MIAMI — June 16, 2018 — Perry Ellis International today announced it has entered into a definitive merger agreement under which a newly formed entity controlled by George Feldenkreis, Perry Ellis’ founder and member of the company’s Board of Directors, will acquire all of the outstanding common shares of Perry Ellis not already beneficially owned by the Feldenkreis family for $27.50 per share in cash. Additionally, the company and George Feldenkreis have agreed to defer the next annual meeting for the election of directors while the merger agreement is pending.
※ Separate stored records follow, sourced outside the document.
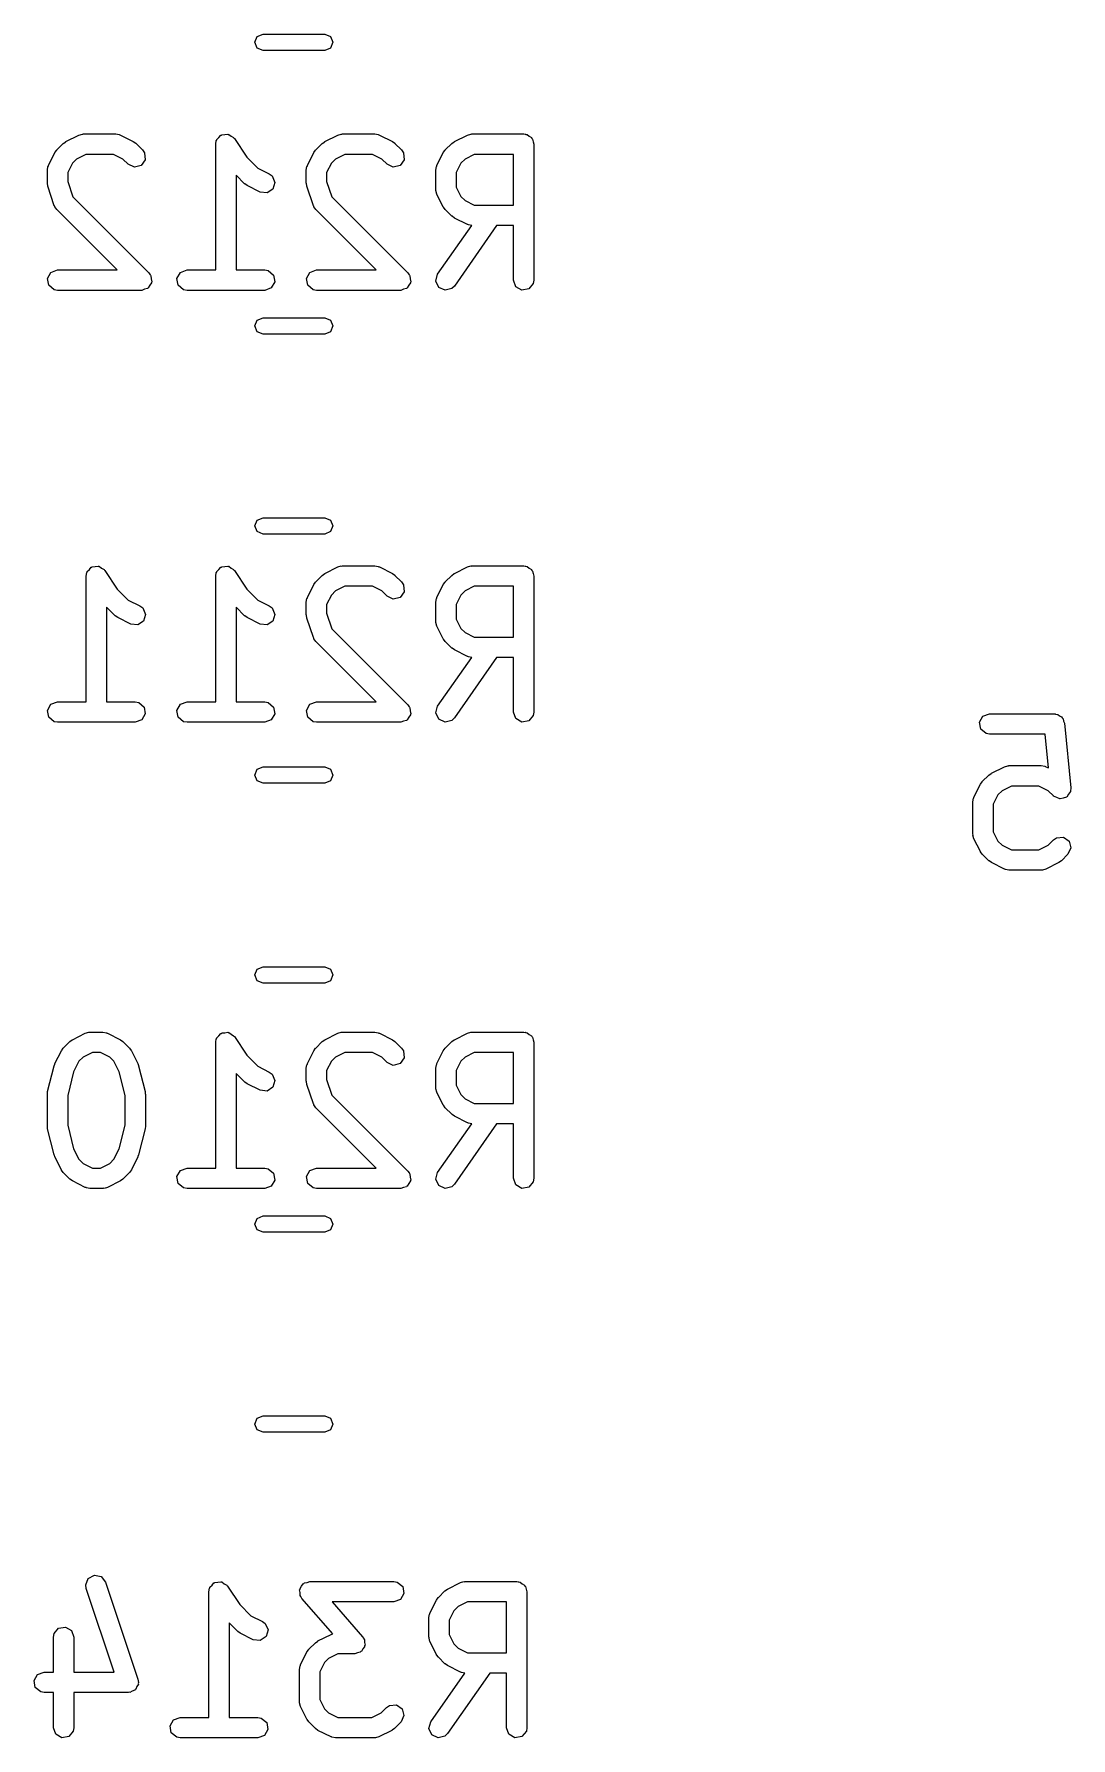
# Model space of a CAD drawing. Extents: x 64 to 231, y -147 to -43.
# Drawn here: x 170.86 to 178.49, y -74.06 to -61.53 of the extents above; entities that cross this region are included whole.
import ezdxf

# ---------------------------------------------------------------- set-up
doc = ezdxf.new("R2010")
doc.units = 0
doc.layers.add('BLACK', color=7, linetype='CONTINUOUS')

msp = doc.modelspace()

# ---------------------------------------------------------------- linework, layer by layer
at = {"layer": 'BLACK', "linetype": 'CONTINUOUS'}
for p, q in [((172.484, -61.5934), (172.501, -61.551)), ((172.501, -61.6358), (172.484, -61.5934)), ((172.501, -61.551), (172.544, -61.5334)), ((172.544, -61.6534), (172.501, -61.6358)), ((172.544, -61.5334), (172.998, -61.5334)), ((172.998, -61.5334), (173.04, -61.551)), ((173.04, -61.6358), (172.998, -61.6534)), ((173.04, -61.551), (173.058, -61.5934)), ((173.058, -61.5934), (173.04, -61.6358)), ((172.998, -61.6534), (172.544, -61.6534)), ((171.013, -62.4045), (171.027, -62.3865)), ((171.027, -62.385), (171.075, -62.3374)), ((171.027, -62.3865), (171.027, -62.385)), ((171.075, -62.3374), (171.093, -62.3245)), ((171.093, -62.3245), (171.094, -62.3233)), ((171.094, -62.3233), (171.19, -62.2757)), ((171.19, -62.2757), (171.215, -62.2683)), ((171.215, -62.2683), (171.219, -62.2693)), ((171.219, -62.2693), (171.223, -62.2678)), ((171.223, -62.2678), (171.461, -62.2678)), ((171.461, -62.2678), (171.487, -62.2723)), ((171.487, -62.2723), (171.49, -62.2752)), ((171.49, -62.2752), (171.495, -62.2757)), ((171.495, -62.2757), (171.59, -62.3233)), ((171.59, -62.3233), (171.608, -62.3367)), ((171.608, -62.3367), (171.61, -62.3374)), ((171.61, -62.3374), (171.657, -62.385)), ((171.657, -62.385), (171.672, -62.4063)), ((172.196, -62.3428), (172.2, -62.3171)), ((172.196, -63.2678), (172.196, -62.3428)), ((172.2, -62.3171), (172.203, -62.3138)), ((172.203, -62.3138), (172.204, -62.3095)), ((172.204, -62.3095), (172.219, -62.2945)), ((172.219, -62.2945), (172.233, -62.2778)), ((172.233, -62.2778), (172.238, -62.2771)), ((172.238, -62.2771), (172.241, -62.2741)), ((172.241, -62.2741), (172.262, -62.2727)), ((172.262, -62.2727), (172.284, -62.2689)), ((172.284, -62.2689), (172.288, -62.2711)), ((172.288, -62.2711), (172.292, -62.2708)), ((172.292, -62.2708), (172.309, -62.2837)), ((172.309, -62.2837), (172.328, -62.2946)), ((172.328, -62.2946), (172.33, -62.2986)), ((172.33, -62.2986), (172.333, -62.3012)), ((172.333, -62.3012), (172.424, -62.4379)), ((172.918, -62.4045), (172.931, -62.3865)), ((172.931, -62.3865), (172.932, -62.385)), ((172.932, -62.385), (172.98, -62.3374)), ((172.98, -62.3374), (172.998, -62.3245)), ((172.998, -62.3245), (172.999, -62.3233)), ((172.999, -62.3233), (173.094, -62.2757)), ((173.094, -62.2757), (173.119, -62.2683)), ((173.119, -62.2683), (173.124, -62.2693)), ((173.124, -62.2693), (173.128, -62.2678)), ((173.128, -62.2678), (173.366, -62.2678)), ((173.366, -62.2678), (173.392, -62.2723)), ((173.392, -62.2723), (173.395, -62.2752)), ((173.395, -62.2752), (173.4, -62.2757)), ((173.4, -62.2757), (173.495, -62.3233)), ((173.495, -62.3233), (173.513, -62.3367)), ((173.513, -62.3367), (173.514, -62.3374)), ((173.514, -62.3374), (173.562, -62.385)), ((173.562, -62.385), (173.577, -62.4063)), ((173.87, -62.4045), (173.884, -62.3865)), ((173.884, -62.385), (173.932, -62.3374)), ((173.884, -62.3865), (173.884, -62.385)), ((173.932, -62.3374), (173.95, -62.3245)), ((173.95, -62.3245), (173.952, -62.3233)), ((173.952, -62.3233), (174.047, -62.2757)), ((174.047, -62.2757), (174.072, -62.2683)), ((174.072, -62.2683), (174.076, -62.2693)), ((174.076, -62.2693), (174.08, -62.2678)), ((174.08, -62.2678), (174.461, -62.2678)), ((174.461, -62.2678), (174.471, -62.2695)), ((174.471, -62.2695), (174.474, -62.2689)), ((174.474, -62.2689), (174.477, -62.2706)), ((174.477, -62.2706), (174.487, -62.2723)), ((174.487, -62.2723), (174.502, -62.2848)), ((174.502, -62.2848), (174.519, -62.2946)), ((174.519, -62.2946), (174.521, -62.3009)), ((174.521, -62.3009), (174.526, -62.3053)), ((174.526, -62.3053), (174.53, -62.3245)), ((174.53, -62.3245), (174.536, -62.3428)), ((174.536, -62.3428), (174.536, -63.3428)), ((170.958, -62.5333), (170.962, -62.5076)), ((170.962, -62.5076), (170.965, -62.5042)), ((170.965, -62.5042), (170.966, -62.4997)), ((170.966, -62.4997), (171.013, -62.4045)), ((171.142, -62.4824), (171.108, -62.551)), ((171.172, -62.452), (171.142, -62.4824)), ((171.241, -62.4178), (171.172, -62.452)), ((171.444, -62.4178), (171.241, -62.4178)), ((171.512, -62.452), (171.444, -62.4178)), ((171.551, -62.4911), (171.512, -62.452)), ((171.598, -62.5127), (171.551, -62.4911)), ((171.647, -62.4995), (171.598, -62.5127)), ((171.677, -62.4574), (171.647, -62.4995)), ((171.672, -62.4063), (171.677, -62.4574)), ((172.424, -62.4379), (172.506, -62.5192)), ((172.862, -62.5333), (172.867, -62.5076)), ((172.867, -62.5076), (172.87, -62.5042)), ((172.87, -62.4997), (172.918, -62.4045)), ((172.87, -62.5042), (172.87, -62.4997)), ((173.047, -62.4824), (173.012, -62.551)), ((173.077, -62.452), (173.047, -62.4824)), ((173.146, -62.4178), (173.077, -62.452)), ((173.348, -62.4178), (173.146, -62.4178)), ((173.417, -62.452), (173.348, -62.4178)), ((173.456, -62.4911), (173.417, -62.452)), ((173.502, -62.5127), (173.456, -62.4911)), ((173.552, -62.4995), (173.502, -62.5127)), ((173.581, -62.4574), (173.552, -62.4995)), ((173.577, -62.4063), (173.581, -62.4574)), ((173.815, -62.5333), (173.819, -62.5076)), ((173.819, -62.5076), (173.822, -62.5042)), ((173.822, -62.5042), (173.823, -62.4997)), ((173.823, -62.4997), (173.87, -62.4045)), ((173.999, -62.4824), (173.965, -62.551)), ((174.03, -62.452), (173.999, -62.4824)), ((174.098, -62.4178), (174.03, -62.452)), ((174.386, -62.4178), (174.098, -62.4178)), ((174.386, -62.7916), (174.386, -62.4178)), ((170.958, -62.6285), (170.958, -62.5333)), ((170.958, -62.63), (170.958, -62.6285)), ((170.962, -62.6522), (170.958, -62.63)), ((171.108, -62.551), (171.108, -62.6163)), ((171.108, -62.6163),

The purchase price represents a premium of approximately 21.6 percent to Perry Ellis’ unaffected closing stock price on February 5, 2018, the last trading day prior to George Feldenkreis announcing his proposal to take the company private. The transaction is valued at approximately $437 million.
The transaction was unanimously approved by the Perry Ellis Board of Directors, acting on the unanimous recommendation of a Special Committee of independent directors that was granted full authority to conduct a comprehensive strategic review and evaluate and, if warranted, negotiate the Feldenkreis acquisition proposal.
“The Special Committee and its advisors conducted a disciplined and independent process to ensure the best outcome to maximize value for shareholders. We believe, upon the closing, that this transaction delivers an immediate cash premium and is in the best interest of all Perry Ellis shareholders,” said J. David Scheiner, non-executive chairman of the Perry Ellis Board of Directors and chair of the Special Committee.
“I believe this transaction will open an exciting new chapter for Perry Ellis, our customers and employees. The markets the Company competes in have undergone transformative changes and I believe that Perry Ellis’ ability to invest and innovate is limited by the short-term pressures of being a public company. The transaction delivers immediate value to shareholders amid an environment of unprecedented disruption and competition. I am confident that as a private company, Perry Ellis will be best positioned to make investments in digital innovation, artificial intelligence and marketing, that support our long term strategy to grow the Company’s powerful global lifestyle brands, while expanding into higher-margin businesses and channels of distribution, including international, direct-to-consumer and licensing,” said George Feldenkreis, founder and director of Perry Ellis.
“Since its founding, Perry Ellis has been a renowned influencer of fashion and a magnet for highly creative individuals and brands. The completion of this transaction will enable Perry Ellis to preserve the integrity of its infrastructure and business units across the United States and abroad. Our partners should benefit from our enhanced ability to make long term investments in brands, technology and innovation while continuing to remain focused on executing on our long term growth strategy. Perry Ellis intends to be at the forefront of the crucial digital transformation of the apparel industry from marketing to e-commerce, to applications of artificial intelligence,” said Oscar Feldenkreis, CEO of the company.
“Fortress is delighted to support the founding family of Perry Ellis in a transaction that positions the business for growth and success in the years to come,” said Josh Pack, managing partner of Fortress Investment Group.
Following completion of the transaction, Oscar Feldenkreis will continue to lead the company as CEO. George Feldenkreis, director and founder, will return to an active role in the management of the company. Perry Ellis will continue to be headquartered in Miami, Florida. Upon close, Perry Ellis will become a privately held company and Perry Ellis common shares will no longer be listed or traded on any public market.
The transaction will be financed through a Senior Secured Asset Backed Revolving Loan Facility underwritten by Wells Fargo Bank, N.A., a $282 million multi-tranche term financing facility provided by Fortress Credit Advisors LLC and equity provided by the Feldenkreis family.
The transaction, which is expected to close in the second half of calendar year 2018, is subject to the satisfaction of customary closing conditions and approvals, including approval by Perry Ellis shareholders (including a majority of the shares owned by shareholders other than the Feldenkreis family or any officers or directors of the Company), receipt of regulatory approvals and other customary closing conditions.
PJ SOLOMON is serving as financial advisor to the Special Committee, Paul, Weiss, Rifkind, Wharton & Garrison LLP and Akerman LLP are serving as the Special Committee’s legal counsel, and Innisfree M&A Incorporated is serving as the Company’s proxy solicitor. SCOPE Advisors LLC is serving as financial advisor to the group led by George Feldenkreis, and Olshan Frome Wolosky LLP and Proskauer Rose LLP are serving as legal advisor to the group led by George Feldenkreis. Stearns Weaver Miller Weissler Alhadeff & Sitterson is serving as legal counsel to Oscar Feldenkreis. Kirkland & Ellis LLP is serving as legal advisor to Fortress Credit Advisors LLC and its affiliates.